Fauquier County Public Library

Kiddosphere: Reading Goals: Graphic Novels

Posted by jennifers on

If you’re a Goodreads user, you know that the site is helpful in keeping track of reading goals. Users can set a reading goal of X amount of books, and Goodreads will keep track of your progress. While I don’t set a general number of books to read in a year, I do keep track of the types of books that I read throughout the year, and try to at least match the previous year’s total + 1 title. I divide my completed reads into categories: children’s (includes fiction and nonfiction), young adult (fiction and nonfiction), adult fiction and nonfiction, graphic novels/comic book collections, and diversity/disability, which includes any book that prominently features a character in a minority group, a character with a physical, mental, or emotional disability, or a nonfiction/biography title that is about some aspect of ethnic/disability history or a noted member of a minority/disability community.

Realistically, I’ll probably never beat my totals in every category. However, I do pick one or two categories to improve upon each year. This year, I decided to beat my 2015 titles in young adult and graphic novels. When I looked at my Goodreads shelves at the beginning of this year, I was disappointed in the number of YA books that I completed (36; I read 38 in 2014). I also wanted to keep my graphic novel reading momentum going (14 graphic novels read in 2014; I read 30 in 2015).

Now that we’re at the midyear point, I’m stoked that I’ve already read 38 YA novels and 34 graphic novels! As I (hopefully) hit my goals, I’ll blog about my favorite titles; this week’s feature is graphic novels. Although I’ll definitely still continue to read graphic novels throughout the year (Raina Telgemeier has a new one out this fall, and the magnificent March trilogy concludes this fall as well), here are my favorite graphic novels that I’ve read so far:

darthvaderDarth Vader 2: Shadows and Secrets and Showdown on Smuggler’s Moon

Anyone who’s known me for some time knows that I am a huge Star Wars fan. I’m a latecomer to the Star Wars books, so I’ve only read the recent books that have been published since the franchise was rebooted last year (working my way through Bloodline right now). While some have been so-so (Chewbacca and Lando comics), others have been fine and fun titles to read during this looooong wait for Rogue One and Episode VIII. The Darth Vader comics in particular have been outstanding. Vader is very reminiscent of A New Hope Vader: aggressive, impulsive, and furious, with only one scene hinting at his sorrow and regret over his life choices that was evident in his final scenes of Return of the Jedi. While Star Wars fans are notoriously impossible to please, fans should definitely check out Vader’s comics.
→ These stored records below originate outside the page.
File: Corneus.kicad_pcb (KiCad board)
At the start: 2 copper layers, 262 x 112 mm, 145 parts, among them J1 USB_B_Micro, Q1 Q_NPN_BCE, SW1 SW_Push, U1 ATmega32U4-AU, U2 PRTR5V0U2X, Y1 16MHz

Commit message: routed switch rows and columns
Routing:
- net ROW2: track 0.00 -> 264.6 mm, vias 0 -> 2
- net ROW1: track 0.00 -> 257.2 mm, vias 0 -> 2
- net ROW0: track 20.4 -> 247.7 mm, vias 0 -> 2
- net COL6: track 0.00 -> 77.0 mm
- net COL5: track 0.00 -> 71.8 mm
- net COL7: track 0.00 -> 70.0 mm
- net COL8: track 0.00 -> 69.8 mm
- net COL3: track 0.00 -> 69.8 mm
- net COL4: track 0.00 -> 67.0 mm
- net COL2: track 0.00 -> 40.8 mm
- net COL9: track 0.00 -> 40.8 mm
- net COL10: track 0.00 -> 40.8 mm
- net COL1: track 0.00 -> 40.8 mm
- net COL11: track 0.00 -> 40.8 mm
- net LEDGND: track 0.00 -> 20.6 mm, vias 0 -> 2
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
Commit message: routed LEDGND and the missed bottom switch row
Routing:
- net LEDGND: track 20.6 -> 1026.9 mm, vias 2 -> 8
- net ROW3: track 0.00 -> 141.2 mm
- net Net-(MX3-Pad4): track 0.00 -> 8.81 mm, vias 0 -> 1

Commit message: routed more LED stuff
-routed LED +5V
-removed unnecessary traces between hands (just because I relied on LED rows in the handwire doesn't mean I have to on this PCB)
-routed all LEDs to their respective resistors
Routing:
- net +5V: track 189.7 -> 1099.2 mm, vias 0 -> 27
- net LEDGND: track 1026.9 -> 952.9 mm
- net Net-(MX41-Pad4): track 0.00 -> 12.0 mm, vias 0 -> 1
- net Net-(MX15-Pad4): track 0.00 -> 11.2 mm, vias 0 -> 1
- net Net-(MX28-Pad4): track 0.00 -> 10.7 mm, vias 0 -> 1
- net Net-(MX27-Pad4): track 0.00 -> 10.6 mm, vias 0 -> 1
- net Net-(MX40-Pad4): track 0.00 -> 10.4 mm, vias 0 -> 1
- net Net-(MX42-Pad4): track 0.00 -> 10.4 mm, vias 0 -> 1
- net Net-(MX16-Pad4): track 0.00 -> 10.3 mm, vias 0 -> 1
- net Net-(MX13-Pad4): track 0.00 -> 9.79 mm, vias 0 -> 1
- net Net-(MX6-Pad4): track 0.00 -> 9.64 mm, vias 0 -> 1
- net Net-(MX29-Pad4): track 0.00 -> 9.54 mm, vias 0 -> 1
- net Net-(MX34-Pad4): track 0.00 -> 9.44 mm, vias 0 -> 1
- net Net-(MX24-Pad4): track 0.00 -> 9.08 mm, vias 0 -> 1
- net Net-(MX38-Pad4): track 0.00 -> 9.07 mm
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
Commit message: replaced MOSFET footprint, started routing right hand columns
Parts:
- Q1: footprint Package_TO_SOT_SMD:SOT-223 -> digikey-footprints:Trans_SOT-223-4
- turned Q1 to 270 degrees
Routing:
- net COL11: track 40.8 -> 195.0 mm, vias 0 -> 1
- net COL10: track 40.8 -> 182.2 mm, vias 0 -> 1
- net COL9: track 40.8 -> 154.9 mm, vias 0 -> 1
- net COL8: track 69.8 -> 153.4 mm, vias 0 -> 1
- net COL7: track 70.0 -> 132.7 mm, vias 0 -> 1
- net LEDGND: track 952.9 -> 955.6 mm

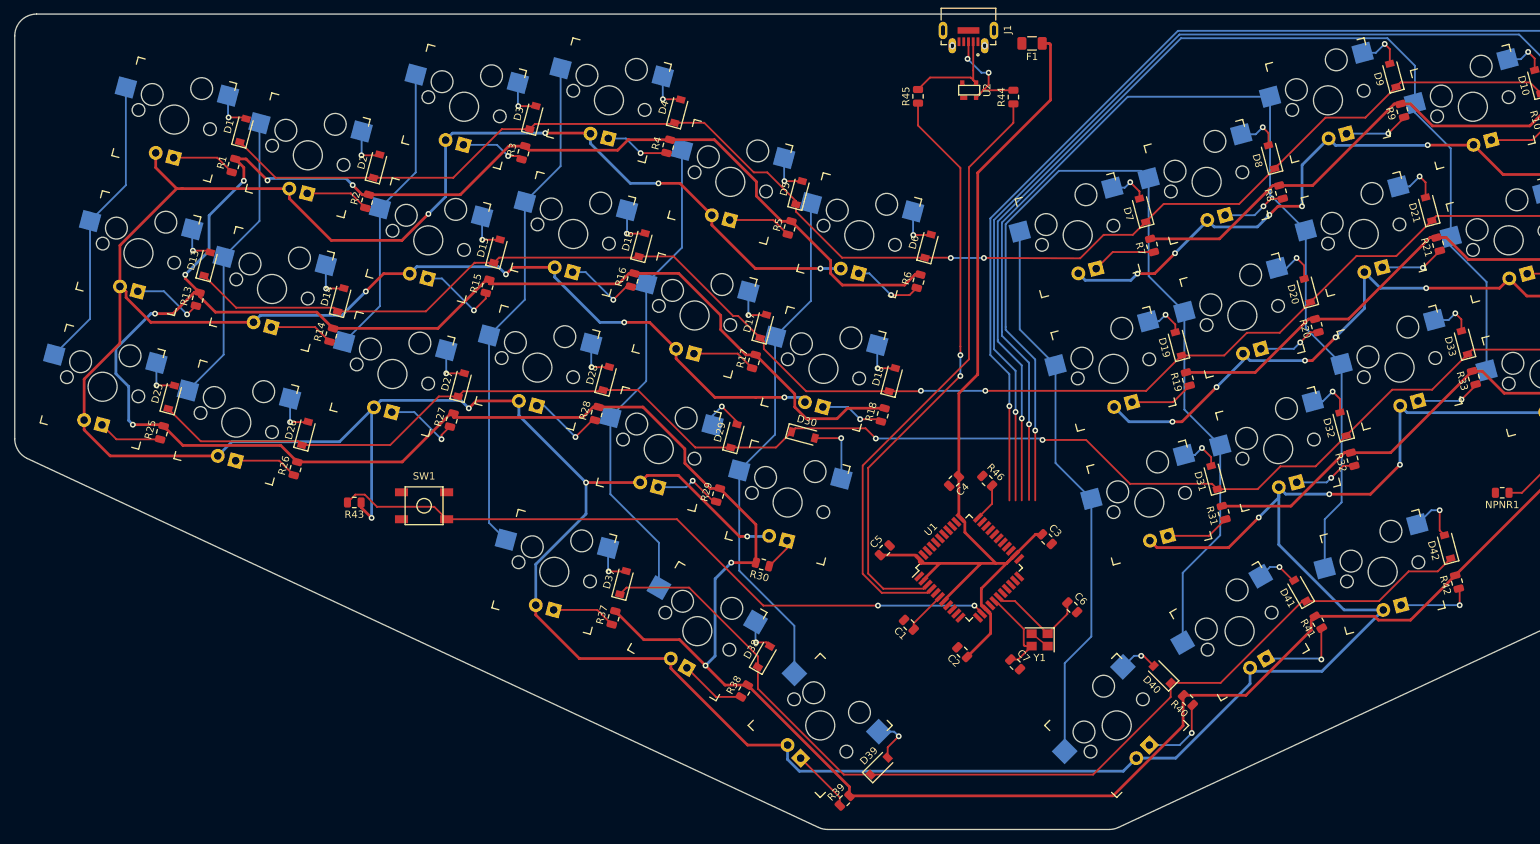
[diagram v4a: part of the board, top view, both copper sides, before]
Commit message: routed rows and columns
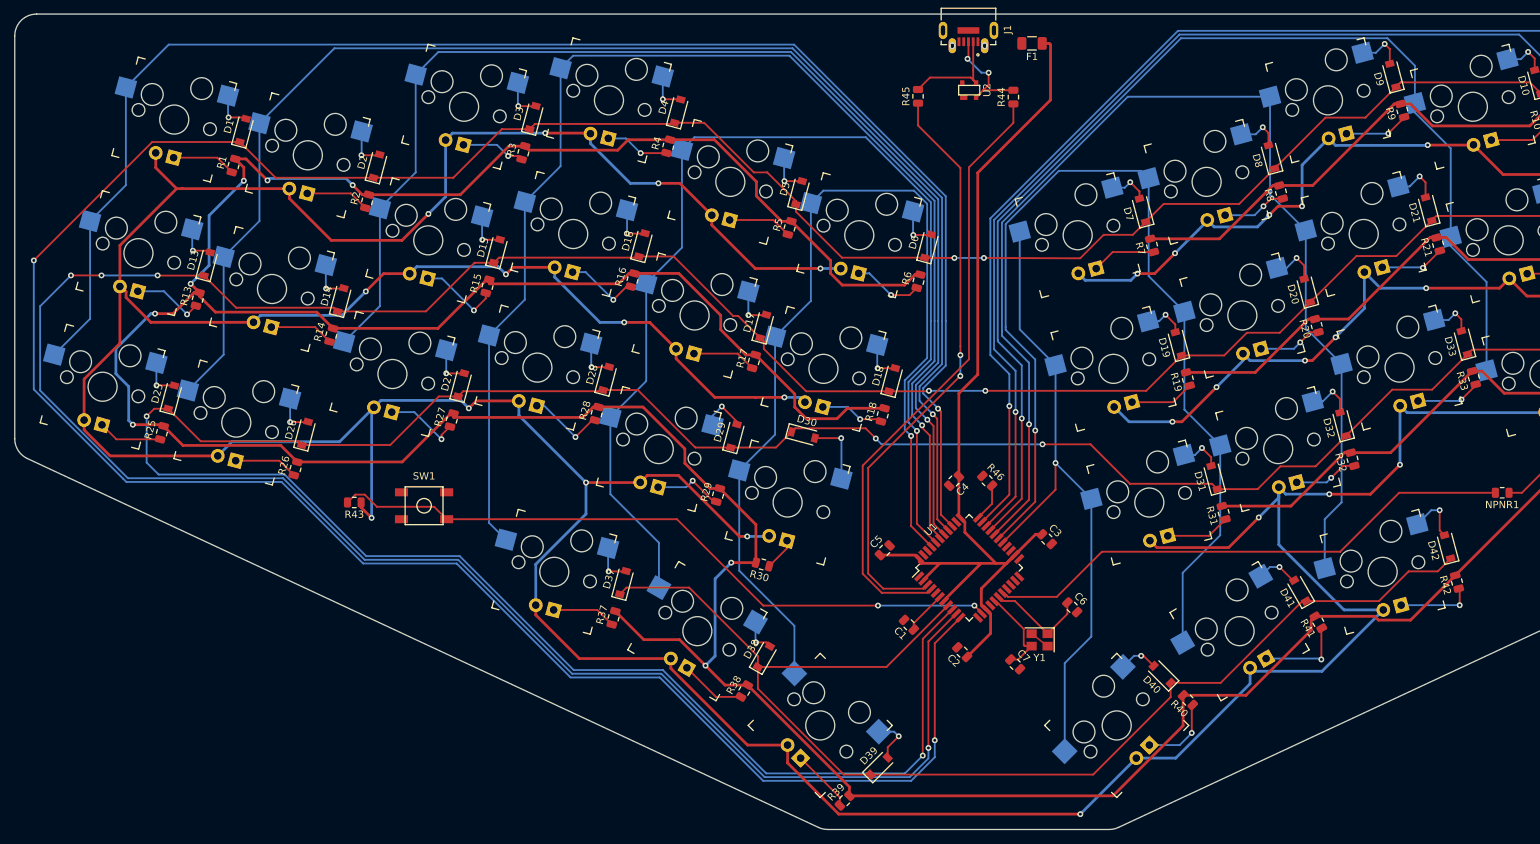
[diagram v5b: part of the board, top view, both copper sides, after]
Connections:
- U1 pad 10: Net-(U1-Pad10) -> ROW1
- U1 pad 11: Net-(U1-Pad11) -> ROW0
- U1 pad 18: Net-(U1-Pad18) -> LEDPWM
- U1 pad 27: Net-(U1-Pad27) -> COL6
- U1 pad 28: Net-(U1-Pad28) -> COL7
- U1 pad 29: Net-(U1-Pad29) -> COL8
- U1 pad 30: Net-(U1-Pad30) -> COL9
- U1 pad 31: Net-(U1-Pad31) -> COL10
- U1 pad 32: Net-(U1-Pad32) -> COL11
- U1 pad 36: Net-(U1-Pad36) -> COL0
- U1 pad 37: Net-(U1-Pad37) -> COL1
- U1 pad 38: Net-(U1-Pad38) -> COL2
- U1 pad 39: Net-(U1-Pad39) -> COL3
- U1 pad 40: Net-(U1-Pad40) -> COL4
- U1 pad 41: Net-(U1-Pad41) -> COL5
- U1 pad 8: Net-(U1-Pad8) -> ROW3
- U1 pad 9: Net-(U1-Pad9) -> ROW2
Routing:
- net ROW0: track 247.6 -> 468.4 mm, vias 2 -> 4
- net ROW1: track 257.2 -> 459.6 mm, vias 2 -> 6
- net COL0: track 40.8 -> 212.7 mm, vias 0 -> 1
- net ROW2: track 264.6 -> 421.4 mm, vias 2 -> 4
- net COL1: track 40.8 -> 195.9 mm, vias 0 -> 1
- net COL2: track 40.8 -> 171.1 mm, vias 0 -> 1
- net COL3: track 69.8 -> 179.4 mm, vias 0 -> 1
- net COL4: track 67.0 -> 155.1 mm, vias 0 -> 1
- net LEDPWM: track 0.00 -> 73.8 mm
- net COL5: track 71.8 -> 139.1 mm, vias 0 -> 1
- net ROW3: track 141.2 -> 170.8 mm
- net COL6: track 77.0 -> 90.9 mm, vias 0 -> 1
- net COL7: track 132.7 -> 140.0 mm
- net COL8: track 153.4 -> 160.1 mm
- net COL9: track 154.9 -> 160.8 mm
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
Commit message: added mounting holes
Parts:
- added REF**: NPTH_2.2_4, Choco617_parts:NPTH_2.2_4, F.Cu at (169.4, 130.5)
- added REF**: NPTH_2.2_4, Choco617_parts:NPTH_2.2_4, F.Cu at (120.4, 58.0)
- added REF**: NPTH_2.2_4, Choco617_parts:NPTH_2.2_4, F.Cu at (127.4, 130.5)
- added REF**: NPTH_2.2_4, Choco617_parts:NPTH_2.2_4, F.Cu at (210.4, 111.0)
- added REF**: NPTH_2.2_4, Choco617_parts:NPTH_2.2_4, F.Cu at (86.4, 111.0)
- added REF**: NPTH_2.2_4, Choco617_parts:NPTH_2.2_4, F.Cu at (271.4, 58.0)
- added REF**: NPTH_2.2_4, Choco617_parts:NPTH_2.2_4, F.Cu at (25.4, 58.0)
- added REF**: NPTH_2.2_4, Choco617_parts:NPTH_2.2_4, F.Cu at (231.4, 58.0)
- added REF**: NPTH_2.2_4, Choco617_parts:NPTH_2.2_4, F.Cu at (65.4, 58.0)
- added REF**: NPTH_2.2_4, Choco617_parts:NPTH_2.2_4, F.Cu at (176.4, 58.0)
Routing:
- net Net-(R43-Pad2): track 94.6 -> 97.2 mm
- net +5V: track 1104.4 -> 1102.9 mm
- net COL10: track 187.4 -> 188.6 mm

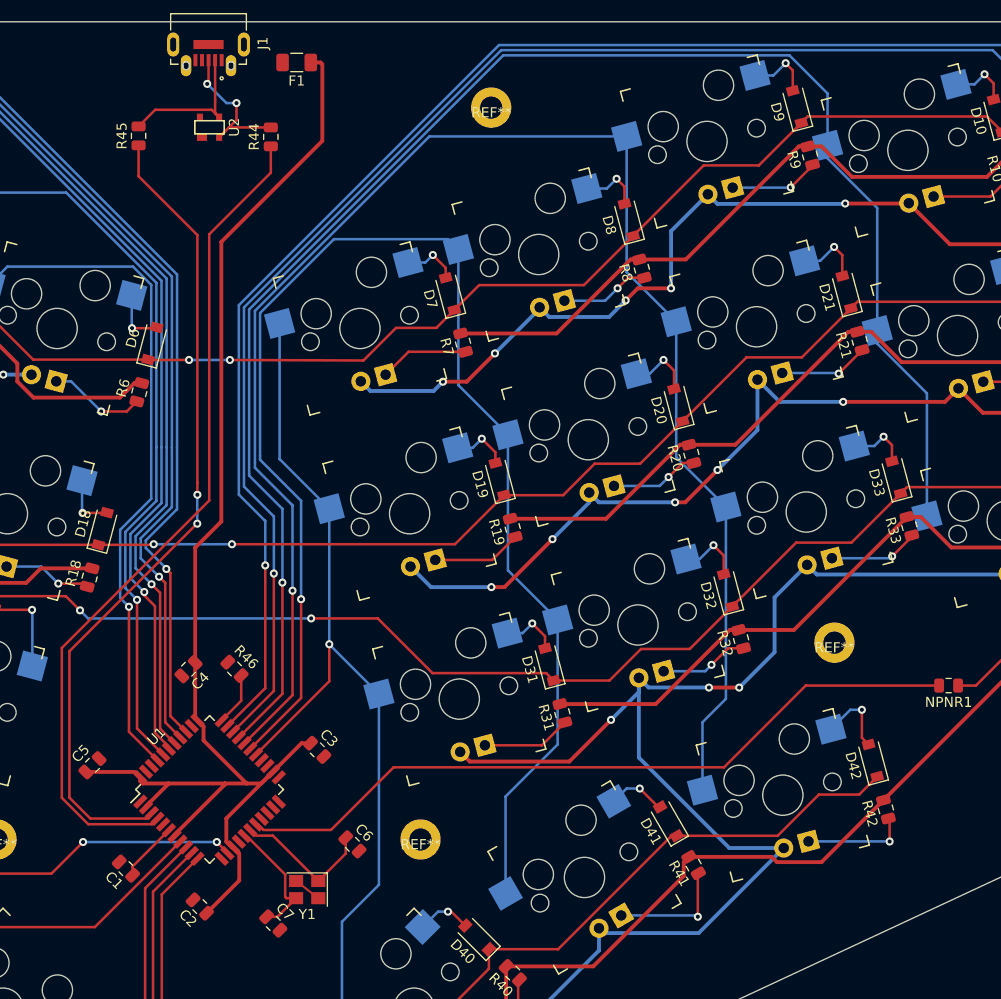
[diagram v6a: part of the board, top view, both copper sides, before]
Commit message: routed decoupling capacitors 5V
-also swapped 10uF cap with one of the 0.1uF ones to put the 10 in the correct place
-about to rotate the whole MCU region 180 degrees to correct a USB routing sin, this is going to involve rerouting all the row/column connections to the MCU but probably result in tidier traces overall
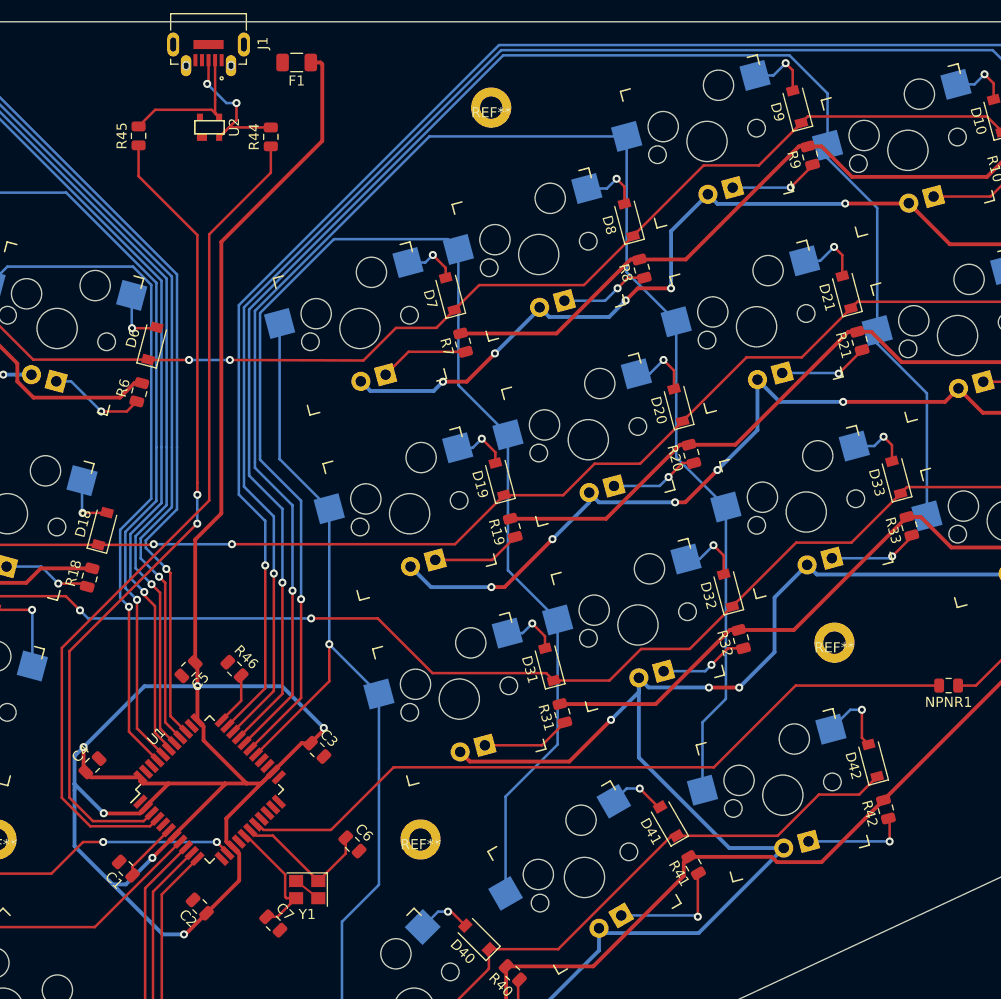
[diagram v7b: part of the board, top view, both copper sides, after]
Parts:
- moved C4 13.5 mm to (136.9, 123.1), turned to 45 degrees
- moved C5 13.5 mm to (146.4, 113.6), turned to 225 degrees
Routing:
- net +5V: track 1102.9 -> 1180.5 mm, vias 28 -> 34

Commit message: rotated MCU region and routed rows
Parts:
- moved R43 83.1 mm to (144.9, 97.1), turned to 270 degrees
- moved SW1 70.1 mm to (143.0, 107.1), turned to 270 degrees
- moved C6 29.0 mm to (134.6, 123.6), turned to 135 degrees
- moved R46 27.8 mm to (146.3, 141.0), turned to 135 degrees
- moved C7 26.2 mm to (142.5, 115.8), turned to 135 degrees
- moved Y1 25.1 mm to (139.1, 119.1), turned to 0 degrees
- moved REF** 24.2 mm to (276.4, 81.7)
- moved REF** 24.2 mm to (20.4, 81.7)
- moved C3 24.0 mm to (138.1, 133.0), turned to 135 degrees
- moved C4 23.6 mm to (157.8, 134.1), turned to 225 degrees
- moved C1 19.8 mm to (151.9, 117.4)
- moved F1 15.9 mm to (142.8, 60.4), turned to 90 degrees
- moved R45 9.48 mm to (149.4, 66.0)
- moved R44 8.80 mm to (147.4, 66.0)
- moved C2 5.00 mm to (150.8, 141.0), turned to 45 degrees
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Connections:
- U1 pad 18: LEDPWM -> Net-(U1-Pad18)
- U1 pad 27: COL6 -> Net-(U1-Pad27)
- U1 pad 28: COL7 -> Net-(U1-Pad28)
- U1 pad 29: COL8 -> Net-(U1-Pad29)
- U1 pad 30: COL9 -> Net-(U1-Pad30)
- U1 pad 31: COL10 -> Net-(U1-Pad31)
- U1 pad 32: COL11 -> Net-(U1-Pad32)
- U1 pad 36: COL0 -> Net-(U1-Pad36)
- U1 pad 37: COL1 -> Net-(U1-Pad37)
- U1 pad 38: COL2 -> Net-(U1-Pad38)
- U1 pad 39: COL3 -> Net-(U1-Pad39)
- U1 pad 40: COL4 -> Net-(U1-Pad40)
- U1 pad 41: COL5 -> Net-(U1-Pad41)
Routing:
- net COL0: track 212.7 -> 40.8 mm, vias 1 -> 0
- net ROW1: track 459.6 -> 289.0 mm, vias 6 -> 4
- net ROW0: track 468.4 -> 298.0 mm
- net COL11: track 199.5 -> 40.8 mm, vias 1 -> 0
- net COL1: track 195.9 -> 40.8 mm, vias 1 -> 0
- net COL10: track 188.6 -> 40.8 mm, vias 1 -> 0
- net COL2: track 171.1 -> 40.8 mm, vias 1 -> 0
- net ROW2: track 421.4 -> 300.4 mm, vias 4 -> 2
- net COL9: track 160.8 -> 40.8 mm, vias 1 -> 0
- net COL3: track 179.4 -> 69.8 mm, vias 1 -> 0
- net COL8: track 160.1 -> 69.8 mm, vias 1 -> 0
- net COL4: track 155.1 -> 67.0 mm, vias 1 -> 0
- net LEDPWM: track 73.8 -> 0.00 mm
- net COL7: track 140.0 -> 70.0 mm, vias 1 -> 0
- net COL5: track 139.1 -> 71.8 mm, vias 1 -> 0

Although I’m not a huge fan of Amelia Rules, I adore Jimmy Gownley’s memoir, The Dumbest Idea Ever! Gownley’s adolescence was a bit rocky at times; chicken pox made him miss his basketball championship series, his grades were awful, and nothing was going right with his comic book. When his friend suggested that he create a comic book about their friendship and everyday life, Jimmy thought that it was truly the dumbest idea he had ever heard. Who would want to read a comic book about an ordinary teenage kid? Through hard work and entrepreneurship, Jimmy’s new comic book is a minor success (including a television appearance!). Fans of Raina Telgemeier’s memoirs should definitely read this.

hilo2Hilo 1: The Boy Who Crashed to Earth and Hilo 2: Saving the Whole Wide World is one of my all-time favorite graphic novel series of all time (and it just came out this year). I adore this story of a young robot boy and his earth friends; the jokes are funny without incorporating too much toilet humor, no boy-girl antagonism, and the multicultural friendship is sweet and strong. The tiny similarities to E.T. continue with the inclusion of a spunky little sister who adores Hilo. OUTSTANDING, as Hilo would say.

I read and enjoyed the first Hereville graphic novel, but have not continued with the series. When I realized that I needed to work on my graphic novel and diversity reads, I immediately checked out How Mirka Met a Meteorite. Mirka is quite an unusual superhero, as she is a practicing Orthodox Jewish girl. There’s tons of excitement, humor, and anticipation as Mirka deals with a meteor that has been changed into her identical twin girl, who is a perfect version of herself! Yiddish and Hebrew terms used by Mirka and her family are identified and explained in footnotes.

Little Dee and the Penguin looks sweet and adorable (which it is), but readers should know that it deals with the death of Little Dee’s father. After Little Dee’s father dies, Little Dee joins a group of animals who are trying to protect Penguin from being eaten by polar bears. Although the circumstances of Little Dee’s loss are sad (and not dwelt upon), there is tons of humor and wacky adventures as the crew travel the world.

msmarvelWhen I picked up Ms. Marvel: No Normal, I had no idea that Ms. Marvel is a young Muslim girl (but not orthodox). Kamala Khan is just your everyday teen girl from Jersey City–until she is gifted with supernatural powers and turns into Ms. Marvel. Kamala is super confused (who wouldn’t be?), but is convinced that in order to be a true superheroine, she needs to have blonde hair, a skimpy outfit, and kicking boots. As Kamala grows into her new role, she realizes that she will be truly powerful if she stays true to herself. Teen superhero comic book fans of all backgrounds will love this, and I can’t wait to read the other entries in the series.
Little superhero fans should check out Red Riding Hood, Superhero; this short and adorable comic features Little Red Riding Hood (she has a cape, so she’s all set to be a superhero!) saving her grandmother, the President, from Professor Grimm and his wolf-bot. “Visual Questions” at the end prompt readers to examine the story panels closely for insight and clues.
My next target will focus on my diversity/disability reads (109 in 2015; I’m currently at 72, so more than halfway there!).

Want to extend Shark Week a little longer? I blogged about new shark books for children on the ALSC blog.

Looking for more program highlights and staff suggestions for children and young adult readers? Make Kiddosphere your source for all the latest on what to read and what to do for kids!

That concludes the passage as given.